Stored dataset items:
* * * * * * * * *

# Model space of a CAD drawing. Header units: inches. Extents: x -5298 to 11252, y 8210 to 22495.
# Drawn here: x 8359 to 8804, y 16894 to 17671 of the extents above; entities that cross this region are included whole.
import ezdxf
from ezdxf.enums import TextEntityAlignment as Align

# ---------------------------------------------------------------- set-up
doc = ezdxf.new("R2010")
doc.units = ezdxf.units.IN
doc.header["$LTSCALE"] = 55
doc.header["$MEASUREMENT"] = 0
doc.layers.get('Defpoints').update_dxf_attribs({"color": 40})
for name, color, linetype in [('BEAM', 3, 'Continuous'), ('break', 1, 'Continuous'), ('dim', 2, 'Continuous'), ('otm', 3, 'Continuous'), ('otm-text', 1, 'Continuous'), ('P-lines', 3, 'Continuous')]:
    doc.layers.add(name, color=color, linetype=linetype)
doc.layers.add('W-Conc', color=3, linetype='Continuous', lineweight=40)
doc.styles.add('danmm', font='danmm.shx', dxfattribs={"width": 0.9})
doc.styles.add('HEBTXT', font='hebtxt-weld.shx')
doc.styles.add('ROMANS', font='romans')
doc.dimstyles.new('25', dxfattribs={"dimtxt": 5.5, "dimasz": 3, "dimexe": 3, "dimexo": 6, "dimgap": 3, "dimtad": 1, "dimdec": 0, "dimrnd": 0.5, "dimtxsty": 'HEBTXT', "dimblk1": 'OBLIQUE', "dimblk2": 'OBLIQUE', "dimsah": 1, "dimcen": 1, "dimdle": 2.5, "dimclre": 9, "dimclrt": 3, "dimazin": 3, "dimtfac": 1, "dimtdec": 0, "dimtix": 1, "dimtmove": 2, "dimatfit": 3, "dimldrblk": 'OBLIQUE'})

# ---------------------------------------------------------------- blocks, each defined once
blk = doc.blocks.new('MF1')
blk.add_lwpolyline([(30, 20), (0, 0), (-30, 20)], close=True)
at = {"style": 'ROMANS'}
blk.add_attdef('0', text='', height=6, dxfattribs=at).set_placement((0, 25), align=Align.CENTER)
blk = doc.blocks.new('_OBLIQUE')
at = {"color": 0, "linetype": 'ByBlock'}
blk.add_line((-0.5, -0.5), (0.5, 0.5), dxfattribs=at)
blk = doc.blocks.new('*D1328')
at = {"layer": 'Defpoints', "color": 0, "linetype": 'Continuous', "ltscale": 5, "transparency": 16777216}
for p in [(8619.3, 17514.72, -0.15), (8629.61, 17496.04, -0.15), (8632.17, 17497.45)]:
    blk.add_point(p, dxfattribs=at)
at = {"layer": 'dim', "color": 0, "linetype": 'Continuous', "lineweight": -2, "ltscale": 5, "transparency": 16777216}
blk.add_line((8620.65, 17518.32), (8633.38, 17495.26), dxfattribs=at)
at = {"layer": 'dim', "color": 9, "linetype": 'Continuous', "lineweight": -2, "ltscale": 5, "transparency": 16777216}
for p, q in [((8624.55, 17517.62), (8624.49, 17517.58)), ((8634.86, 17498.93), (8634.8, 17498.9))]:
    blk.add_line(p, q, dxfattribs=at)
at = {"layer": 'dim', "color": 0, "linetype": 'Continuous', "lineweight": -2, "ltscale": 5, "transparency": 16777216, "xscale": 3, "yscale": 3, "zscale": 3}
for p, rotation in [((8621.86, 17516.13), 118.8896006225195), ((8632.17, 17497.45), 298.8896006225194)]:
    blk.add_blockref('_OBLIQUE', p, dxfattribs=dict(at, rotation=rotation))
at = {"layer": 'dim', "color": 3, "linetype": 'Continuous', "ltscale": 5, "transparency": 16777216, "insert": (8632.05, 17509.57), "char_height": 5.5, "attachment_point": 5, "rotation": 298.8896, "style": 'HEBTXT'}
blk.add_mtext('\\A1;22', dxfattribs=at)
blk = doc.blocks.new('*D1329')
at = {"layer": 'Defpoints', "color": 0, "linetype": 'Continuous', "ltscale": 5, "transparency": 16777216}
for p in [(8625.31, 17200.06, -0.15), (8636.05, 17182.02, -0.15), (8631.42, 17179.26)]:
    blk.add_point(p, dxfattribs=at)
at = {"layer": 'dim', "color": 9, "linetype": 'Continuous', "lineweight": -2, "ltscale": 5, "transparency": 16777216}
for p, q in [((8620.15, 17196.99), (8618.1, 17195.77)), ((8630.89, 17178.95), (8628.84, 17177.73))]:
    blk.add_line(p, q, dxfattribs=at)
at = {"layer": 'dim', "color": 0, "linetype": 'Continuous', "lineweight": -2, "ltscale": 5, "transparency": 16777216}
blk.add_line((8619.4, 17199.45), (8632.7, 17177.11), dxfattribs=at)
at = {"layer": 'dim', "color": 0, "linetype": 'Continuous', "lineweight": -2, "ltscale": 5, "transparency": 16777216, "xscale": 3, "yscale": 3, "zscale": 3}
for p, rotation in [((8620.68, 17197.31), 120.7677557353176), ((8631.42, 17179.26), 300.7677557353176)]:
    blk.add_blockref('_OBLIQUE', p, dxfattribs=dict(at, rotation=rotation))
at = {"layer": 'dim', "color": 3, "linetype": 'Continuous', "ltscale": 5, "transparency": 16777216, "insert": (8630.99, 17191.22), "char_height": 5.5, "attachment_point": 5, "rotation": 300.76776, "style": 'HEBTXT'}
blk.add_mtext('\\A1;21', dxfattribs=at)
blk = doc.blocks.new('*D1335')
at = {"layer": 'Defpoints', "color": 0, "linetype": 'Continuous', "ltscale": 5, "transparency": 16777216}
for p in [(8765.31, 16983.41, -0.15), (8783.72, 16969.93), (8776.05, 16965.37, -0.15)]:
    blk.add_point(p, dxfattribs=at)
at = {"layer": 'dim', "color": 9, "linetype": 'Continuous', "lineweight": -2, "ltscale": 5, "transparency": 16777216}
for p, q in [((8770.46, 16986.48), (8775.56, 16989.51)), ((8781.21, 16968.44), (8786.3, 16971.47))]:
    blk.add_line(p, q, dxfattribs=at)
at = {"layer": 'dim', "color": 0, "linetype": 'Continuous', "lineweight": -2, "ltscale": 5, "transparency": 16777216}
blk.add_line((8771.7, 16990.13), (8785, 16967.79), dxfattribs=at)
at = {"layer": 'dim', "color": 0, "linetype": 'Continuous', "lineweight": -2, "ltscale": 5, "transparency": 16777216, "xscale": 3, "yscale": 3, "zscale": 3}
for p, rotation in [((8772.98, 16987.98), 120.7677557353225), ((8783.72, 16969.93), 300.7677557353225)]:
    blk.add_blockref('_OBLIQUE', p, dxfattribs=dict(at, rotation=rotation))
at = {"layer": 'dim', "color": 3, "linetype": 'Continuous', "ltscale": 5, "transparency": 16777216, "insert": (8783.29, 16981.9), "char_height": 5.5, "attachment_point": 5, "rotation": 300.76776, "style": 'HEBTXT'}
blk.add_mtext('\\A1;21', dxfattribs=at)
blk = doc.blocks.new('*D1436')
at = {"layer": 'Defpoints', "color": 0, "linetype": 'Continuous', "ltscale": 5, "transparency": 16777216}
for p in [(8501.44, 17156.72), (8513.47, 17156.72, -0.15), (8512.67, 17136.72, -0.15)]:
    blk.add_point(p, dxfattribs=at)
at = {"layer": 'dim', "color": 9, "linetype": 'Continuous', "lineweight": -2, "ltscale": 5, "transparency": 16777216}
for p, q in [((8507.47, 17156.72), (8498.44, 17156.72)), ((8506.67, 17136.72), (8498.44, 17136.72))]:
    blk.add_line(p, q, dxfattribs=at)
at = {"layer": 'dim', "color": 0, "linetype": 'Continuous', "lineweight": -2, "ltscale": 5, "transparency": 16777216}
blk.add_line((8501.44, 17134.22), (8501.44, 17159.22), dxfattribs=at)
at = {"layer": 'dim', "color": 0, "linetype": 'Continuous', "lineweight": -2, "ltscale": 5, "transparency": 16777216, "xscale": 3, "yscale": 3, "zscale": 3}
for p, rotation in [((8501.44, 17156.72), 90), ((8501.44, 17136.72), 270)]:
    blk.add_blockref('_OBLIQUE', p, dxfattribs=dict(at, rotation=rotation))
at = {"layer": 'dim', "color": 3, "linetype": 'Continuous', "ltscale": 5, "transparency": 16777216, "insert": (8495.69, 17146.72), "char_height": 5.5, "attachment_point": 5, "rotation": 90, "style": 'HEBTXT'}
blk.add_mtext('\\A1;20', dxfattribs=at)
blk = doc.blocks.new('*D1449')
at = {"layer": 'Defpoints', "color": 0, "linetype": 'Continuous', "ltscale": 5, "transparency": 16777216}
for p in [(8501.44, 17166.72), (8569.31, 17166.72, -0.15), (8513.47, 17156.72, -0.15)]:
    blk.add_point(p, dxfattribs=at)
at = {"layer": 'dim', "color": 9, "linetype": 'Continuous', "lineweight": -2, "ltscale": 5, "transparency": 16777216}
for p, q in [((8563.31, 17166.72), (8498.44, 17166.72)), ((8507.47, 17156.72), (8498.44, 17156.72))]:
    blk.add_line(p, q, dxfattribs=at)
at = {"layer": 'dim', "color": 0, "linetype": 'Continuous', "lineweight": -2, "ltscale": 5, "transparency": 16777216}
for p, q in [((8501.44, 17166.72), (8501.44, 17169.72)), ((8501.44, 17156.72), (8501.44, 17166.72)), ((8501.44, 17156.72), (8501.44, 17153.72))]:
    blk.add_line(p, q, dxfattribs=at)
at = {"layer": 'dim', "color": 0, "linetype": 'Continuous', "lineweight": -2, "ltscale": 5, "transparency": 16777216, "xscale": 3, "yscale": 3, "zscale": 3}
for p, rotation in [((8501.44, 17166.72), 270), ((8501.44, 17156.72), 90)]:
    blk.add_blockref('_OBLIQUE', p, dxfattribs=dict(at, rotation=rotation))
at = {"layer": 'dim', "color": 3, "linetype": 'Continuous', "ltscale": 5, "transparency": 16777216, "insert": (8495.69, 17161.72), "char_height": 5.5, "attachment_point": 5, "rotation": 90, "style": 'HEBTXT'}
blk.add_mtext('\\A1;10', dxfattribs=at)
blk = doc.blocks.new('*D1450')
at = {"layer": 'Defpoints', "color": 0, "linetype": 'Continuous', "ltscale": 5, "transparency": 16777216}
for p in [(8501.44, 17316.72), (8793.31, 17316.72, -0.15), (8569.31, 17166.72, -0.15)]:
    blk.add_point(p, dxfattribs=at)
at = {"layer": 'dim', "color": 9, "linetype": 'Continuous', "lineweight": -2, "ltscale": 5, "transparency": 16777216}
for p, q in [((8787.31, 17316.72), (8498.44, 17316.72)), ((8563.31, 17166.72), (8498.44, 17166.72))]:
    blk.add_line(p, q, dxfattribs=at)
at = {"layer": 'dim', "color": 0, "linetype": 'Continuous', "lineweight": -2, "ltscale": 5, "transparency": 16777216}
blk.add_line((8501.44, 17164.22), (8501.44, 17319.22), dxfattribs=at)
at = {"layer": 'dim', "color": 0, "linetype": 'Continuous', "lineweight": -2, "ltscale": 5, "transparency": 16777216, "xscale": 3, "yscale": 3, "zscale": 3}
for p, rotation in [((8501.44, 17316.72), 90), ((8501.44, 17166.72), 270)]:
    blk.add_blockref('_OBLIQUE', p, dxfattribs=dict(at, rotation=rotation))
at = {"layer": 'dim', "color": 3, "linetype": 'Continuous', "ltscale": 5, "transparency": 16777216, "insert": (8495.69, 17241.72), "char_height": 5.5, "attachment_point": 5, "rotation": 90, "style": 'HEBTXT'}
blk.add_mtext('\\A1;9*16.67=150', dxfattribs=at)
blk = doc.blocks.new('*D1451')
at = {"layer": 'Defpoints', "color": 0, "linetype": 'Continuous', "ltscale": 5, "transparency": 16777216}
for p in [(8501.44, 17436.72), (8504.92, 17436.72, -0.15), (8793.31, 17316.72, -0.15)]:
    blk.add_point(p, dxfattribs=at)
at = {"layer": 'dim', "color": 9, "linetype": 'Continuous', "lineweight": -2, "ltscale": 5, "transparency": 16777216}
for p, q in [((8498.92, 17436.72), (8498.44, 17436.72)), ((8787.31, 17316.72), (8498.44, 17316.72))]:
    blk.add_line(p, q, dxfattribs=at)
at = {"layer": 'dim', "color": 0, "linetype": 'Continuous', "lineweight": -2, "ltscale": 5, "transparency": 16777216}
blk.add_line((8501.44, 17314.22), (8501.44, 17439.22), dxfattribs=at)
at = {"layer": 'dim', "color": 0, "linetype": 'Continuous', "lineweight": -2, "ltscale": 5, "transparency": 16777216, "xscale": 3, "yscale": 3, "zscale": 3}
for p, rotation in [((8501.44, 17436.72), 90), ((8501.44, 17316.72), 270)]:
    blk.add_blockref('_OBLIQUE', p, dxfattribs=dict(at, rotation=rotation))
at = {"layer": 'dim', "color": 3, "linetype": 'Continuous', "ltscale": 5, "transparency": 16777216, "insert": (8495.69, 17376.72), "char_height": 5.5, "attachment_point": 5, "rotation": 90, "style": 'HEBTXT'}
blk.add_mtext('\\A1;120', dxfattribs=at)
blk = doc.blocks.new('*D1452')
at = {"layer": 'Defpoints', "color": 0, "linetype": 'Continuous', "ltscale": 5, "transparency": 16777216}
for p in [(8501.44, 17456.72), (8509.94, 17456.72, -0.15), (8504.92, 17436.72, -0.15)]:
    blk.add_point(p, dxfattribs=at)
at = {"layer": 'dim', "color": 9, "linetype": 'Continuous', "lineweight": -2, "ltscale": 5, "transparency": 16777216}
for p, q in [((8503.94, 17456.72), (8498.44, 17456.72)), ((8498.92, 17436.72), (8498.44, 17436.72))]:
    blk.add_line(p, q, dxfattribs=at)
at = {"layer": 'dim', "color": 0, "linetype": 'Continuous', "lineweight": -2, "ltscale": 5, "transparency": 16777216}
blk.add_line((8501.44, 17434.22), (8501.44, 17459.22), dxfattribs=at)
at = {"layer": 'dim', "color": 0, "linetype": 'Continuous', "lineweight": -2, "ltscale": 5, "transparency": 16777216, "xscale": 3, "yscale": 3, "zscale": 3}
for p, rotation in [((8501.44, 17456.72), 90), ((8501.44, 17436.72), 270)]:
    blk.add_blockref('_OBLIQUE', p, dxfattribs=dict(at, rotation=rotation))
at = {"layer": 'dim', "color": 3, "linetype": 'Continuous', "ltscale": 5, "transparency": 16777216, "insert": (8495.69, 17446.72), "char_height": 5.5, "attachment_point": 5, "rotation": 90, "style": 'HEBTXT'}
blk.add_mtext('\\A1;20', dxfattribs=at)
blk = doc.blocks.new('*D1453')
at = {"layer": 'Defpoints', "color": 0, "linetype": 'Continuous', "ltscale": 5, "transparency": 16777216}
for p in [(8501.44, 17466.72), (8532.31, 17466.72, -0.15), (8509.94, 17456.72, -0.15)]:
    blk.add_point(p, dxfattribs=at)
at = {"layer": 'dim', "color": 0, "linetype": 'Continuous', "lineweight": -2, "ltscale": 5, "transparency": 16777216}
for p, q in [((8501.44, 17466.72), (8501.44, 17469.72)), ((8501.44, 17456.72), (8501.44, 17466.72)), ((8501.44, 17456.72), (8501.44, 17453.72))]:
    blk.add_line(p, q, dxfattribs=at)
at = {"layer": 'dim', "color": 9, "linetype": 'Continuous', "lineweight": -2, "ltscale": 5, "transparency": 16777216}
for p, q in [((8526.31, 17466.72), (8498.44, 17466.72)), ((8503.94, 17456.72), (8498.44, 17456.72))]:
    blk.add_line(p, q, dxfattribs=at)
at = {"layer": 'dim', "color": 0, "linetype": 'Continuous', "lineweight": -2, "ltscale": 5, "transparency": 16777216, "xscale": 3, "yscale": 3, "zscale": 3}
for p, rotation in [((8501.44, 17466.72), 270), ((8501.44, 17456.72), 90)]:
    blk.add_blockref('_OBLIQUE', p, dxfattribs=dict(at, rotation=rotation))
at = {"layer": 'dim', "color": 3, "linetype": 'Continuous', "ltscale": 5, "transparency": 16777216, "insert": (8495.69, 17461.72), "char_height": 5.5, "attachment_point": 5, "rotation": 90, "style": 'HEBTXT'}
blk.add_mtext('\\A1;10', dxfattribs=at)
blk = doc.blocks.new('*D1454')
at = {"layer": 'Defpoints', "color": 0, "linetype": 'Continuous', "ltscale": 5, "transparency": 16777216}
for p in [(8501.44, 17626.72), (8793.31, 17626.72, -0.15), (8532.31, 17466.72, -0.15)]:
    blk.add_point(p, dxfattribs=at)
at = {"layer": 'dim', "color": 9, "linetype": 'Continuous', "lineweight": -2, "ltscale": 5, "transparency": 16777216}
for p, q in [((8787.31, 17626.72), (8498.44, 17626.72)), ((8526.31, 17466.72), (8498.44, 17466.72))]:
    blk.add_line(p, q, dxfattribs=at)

* * * * * * * * *

*What to do*. Out of the entries, pull every line that mentions "units".

*Answer for the task*.
# Model space of a CAD drawing. Header units: inches. Extents: x -5298 to 11252, y 8210 to 22495.
doc.units = ezdxf.units.IN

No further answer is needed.